▶ What you have to do:
Pull out every line in the data that has the string "AIAD" in it.

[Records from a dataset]
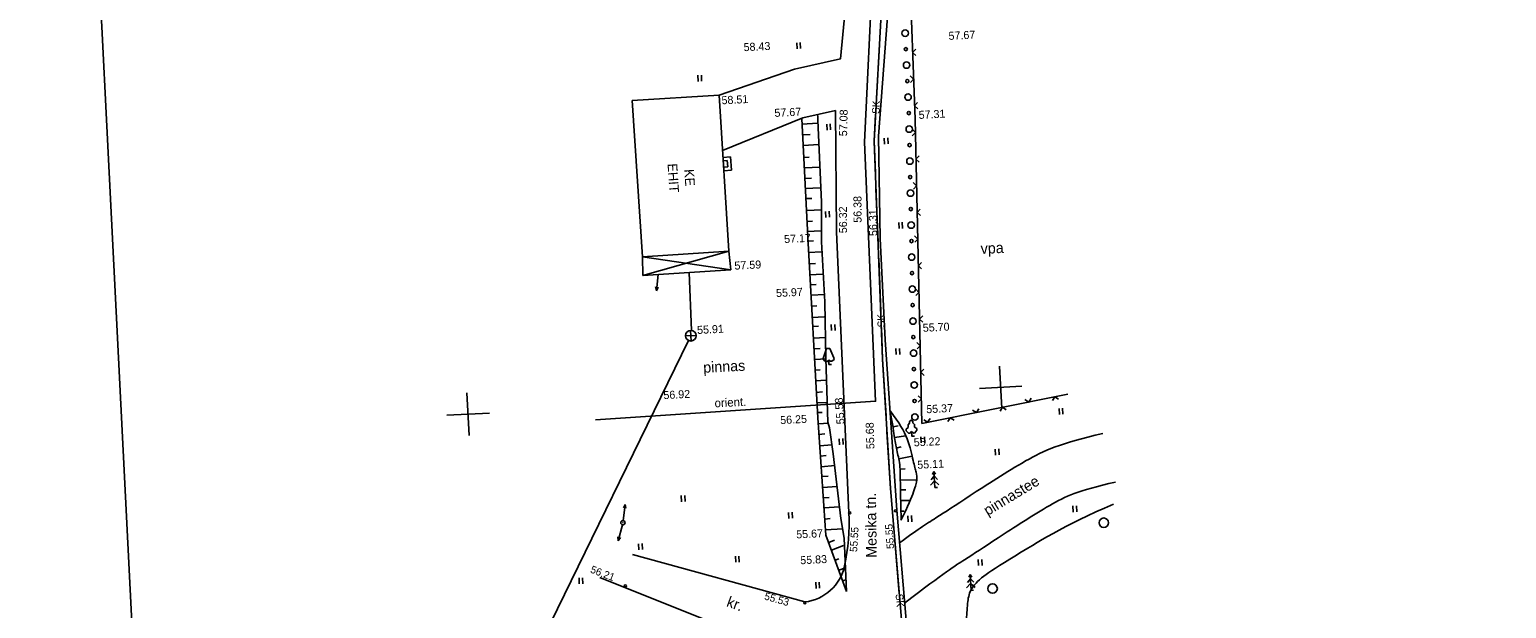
# Model space of a CAD drawing. Extents: x 15024 to 646000, y 15553 to 6459000.
# Drawn here: x 641200.8 to 641339.2, y 6454835.6 to 6454889.9 of the extents above; entities that cross this region are included whole.
import ezdxf

# ---------------------------------------------------------------- set-up
doc = ezdxf.new("R2010")
doc.units = 0
for name, color, linetype in [('28', 7, 'Continuous'), ('AIAD', 7, 'Continuous'), ('ASFBET', 7, 'Continuous'), ('Default', 7, 'Continuous'), ('HALJASTUS', 7, 'Continuous'), ('HOONED', 7, 'Continuous'), ('KAEVUD', 7, 'Continuous'), ('KANAL', 7, 'Continuous'), ('KORGUSED', 7, 'Continuous'), ('KRUNTPIIR', 7, 'Continuous'), ('MAPGRID', 7, 'Continuous'), ('PINNAD', 7, 'Continuous'), ('POSTID', 7, 'Continuous'), ('PUUD', 7, 'Continuous'), ('RAAM1', 7, 'Continuous'), ('VALLID', 7, 'Continuous'), ('VESI', 7, 'Continuous'), ('ZZYYTRASSID', 7, 'Continuous')]:
    doc.layers.add(name, color=color, linetype=linetype)

# ---------------------------------------------------------------- blocks, each defined once
blk = doc.blocks.new('CA2L')
at = {"layer": 'Default'}
blk.add_lwpolyline([(27900, 0), (27900, 20400), (0, 20400), (0, 0)], close=True, dxfattribs=at)
blk = doc.blocks.new('POINT_DISPLAY')
at = {"layer": 'Default'}
blk.add_line((0, 0), (0, 0), dxfattribs=at)
blk = doc.blocks.new('CROSS01')
at = {"layer": 'Default'}
for p, q in [((0, 400), (0, -400)), ((-400, 0), (400, 0))]:
    blk.add_line(p, q, dxfattribs=at)
blk = doc.blocks.new('PK')
at = {"layer": 'Default'}
for p, q in [((0, 300), (-30, 250)), ((30, 250), (0, 300)), ((0, 300), (0, 0)), ((0, 130), (-80, 50)), ((0, 220), (-60, 150)), ((60, 150), (0, 220)), ((80, 50), (0, 130)), ((0, 0), (50, 0))]:
    blk.add_line(p, q, dxfattribs=at)
blk = doc.blocks.new('PI')
at = {"layer": 'Default'}
for p, q in [((-30, 300), (-100, 120)), ((30, 300), (-30, 300)), ((100, 120), (30, 300)), ((-100, 120), (-100, 90)), ((-100, 90), (-60, 60)), ((-60, 60), (-30, 60)), ((-30, 60), (0, 80)), ((0, 0), (0, 80)), ((0, 80), (30, 60)), ((50, 0), (0, 0)), ((30, 60), (60, 60)), ((60, 60), (100, 90)), ((100, 90), (100, 120))]:
    blk.add_line(p, q, dxfattribs=at)
blk = doc.blocks.new('PL')
at = {"layer": 'PUUD'}
blk.add_lwpolyline([(0, 90), (30, 60), (60, 60), (100, 110), (100, 140), (60, 170), (60, 220), (30, 250), (30, 280), (0, 300), (-30, 280), (-30, 250), (-60, 220), (-60, 170), (-100, 140), (-100, 110), (-60, 60), (-30, 60), (0, 90), (0, 0), (50, 0)], dxfattribs=at)
blk = doc.blocks.new('KK')
at = {"layer": 'Default'}
for p, q in [((-100, 0), (100, 0)), ((0, -100), (0, 100))]:
    blk.add_line(p, q, dxfattribs=at)
blk.add_circle((0, 0), 100, dxfattribs=at)
blk = doc.blocks.new('METS1')
at = {"layer": 'Default'}
blk.add_circle((0, 0), 44.1, dxfattribs=at)
blk = doc.blocks.new('HEIN_1')
at = {"layer": 'Default'}
for p, q in [((-23, 38), (-23, -38)), ((22, 38), (22, -38))]:
    blk.add_line(p, q, dxfattribs=at)
blk = doc.blocks.new('LAT3')
at = {"layer": 'Default'}
for radius in [25, 1.67]:
    blk.add_circle((0, 0), radius, dxfattribs=at)
blk = doc.blocks.new('NOOLM')
at = {"layer": 'Default'}
for p, q in [((25, 0), (218, 0)), ((218, 0), (173, 15)), ((218, 0), (173, -15))]:
    blk.add_line(p, q, dxfattribs=at)
blk = doc.blocks.new('_U59')
at = {"layer": 'KANAL'}
for p, q in [((-564, 8985), (-512, 9483)), ((-607, 8584), (-580, 8836)), ((-610, 8286), (-607, 8584)), ((-618, 7636), (-612, 8136)), ((-625, 6986), (-619, 7486)), ((-630, 6537), (-627, 6836)), ((-625, 6005), (-630, 6537)), ((-619, 5324), (-624, 5855)), ((-607, 4985), (-619, 5324)), ((-585, 4335), (-602, 4835))]:
    blk.add_line(p, q, dxfattribs=at)
at = {"layer": 'ZZYYTRASSID'}
blk.add_lwpolyline([(0, 0), (-456, 644), (-482, 1248), (-619, 5324), (-630, 6537), (-607, 8584), (-469, 9884), (-327, 11938), (-403, 13671), (-509, 15355), (-443, 16068), (268, 20764), (265, 23398), (481, 26486), (672, 28756)], dxfattribs=at)
at = {"layer": 'KANAL'}
for rotation, p in [(83.9411, (-545, 8834)), (89.3521, (-592, 6837)), (271.9159, (-620, 4332))]:
    blk.add_text('SK', height=70, rotation=rotation, dxfattribs=at).set_placement(p)

msp = doc.modelspace()

# ---------------------------------------------------------------- linework, layer by layer
at = {"layer": 'AIAD'}
for p, q in [((641283.57, 6454887.73), (641283.86, 6454888.05)), ((641283.57, 6454887.73), (641283.88, 6454887.45)), ((641283.66, 6454885.24), (641283.35, 6454885.53)), ((641283.66, 6454885.24), (641283.37, 6454884.93)), ((641283.75, 6454882.74), (641284.04, 6454883.05)), ((641283.75, 6454882.74), (641284.06, 6454882.45)), ((641283.83, 6454880.24), (641283.52, 6454880.53)), ((641283.83, 6454880.24), (641283.53, 6454879.93)), ((641283.88, 6454877.74), (641284.17, 6454878.05)), ((641283.88, 6454877.74), (641284.19, 6454877.45)), ((641283.94, 6454875.24), (641283.63, 6454875.53)), ((641283.94, 6454875.24), (641283.65, 6454874.93)), ((641284, 6454872.74), (641284.29, 6454873.05)), ((641284, 6454872.74), (641284.3, 6454872.45)), ((641284.05, 6454870.24), (641283.75, 6454870.53)), ((641284.05, 6454870.24), (641283.76, 6454869.94)), ((641284.11, 6454867.74), (641284.4, 6454868.05)), ((641284.11, 6454867.74), (641284.41, 6454867.45)), ((641284.16, 6454865.24), (641283.86, 6454865.54)), ((641284.16, 6454865.24), (641283.87, 6454864.94)), ((641284.22, 6454862.74), (641284.51, 6454863.05)), ((641284.22, 6454862.74), (641284.53, 6454862.45)), ((641284.28, 6454860.24), (641283.97, 6454860.54)), ((641284.28, 6454860.24), (641283.98, 6454859.94)), ((641284.33, 6454857.75), (641284.63, 6454858.05)), ((641284.33, 6454857.75), (641284.64, 6454857.45)), ((641284.39, 6454855.25), (641284.08, 6454855.54)), ((641284.39, 6454855.25), (641284.1, 6454854.94)), ((641294.45, 6454854.96), (641294.1, 6454855.2)), ((641294.45, 6454854.96), (641294.68, 6454855.32)), ((641296.9, 6454855.45), (641296.67, 6454855.1)), ((641296.9, 6454855.45), (641297.25, 6454855.22)), ((641284.97, 6454853.06), (641284.62, 6454853.29)), ((641284.97, 6454853.06), (641285.21, 6454853.41)), ((641287.1, 6454853.49), (641286.86, 6454853.13)), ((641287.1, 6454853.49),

▶ Solution to the exercise:
for name, color, linetype in [('28', 7, 'Continuous'), ('AIAD', 7, 'Continuous'), ('ASFBET', 7, 'Continuous'), ('Default', 7, 'Continuous'), ('HALJASTUS', 7, 'Continuous'), ('HOONED', 7, 'Continuous'), ('KAEVUD', 7, 'Continuous'), ('KANAL', 7, 'Continuous'), ('KORGUSED', 7, 'Continuous'), ('KRUNTPIIR', 7, 'Continuous'), ('MAPGRID', 7, 'Continuous'), ('PINNAD', 7, 'Continuous'), ('POSTID', 7, 'Continuous'), ('PUUD', 7, 'Continuous'), ('RAAM1', 7, 'Continuous'), ('VALLID', 7, 'Continuous'), ('VESI', 7, 'Continuous'), ('ZZYYTRASSID', 7, 'Continuous')]:
at = {"layer": 'AIAD'}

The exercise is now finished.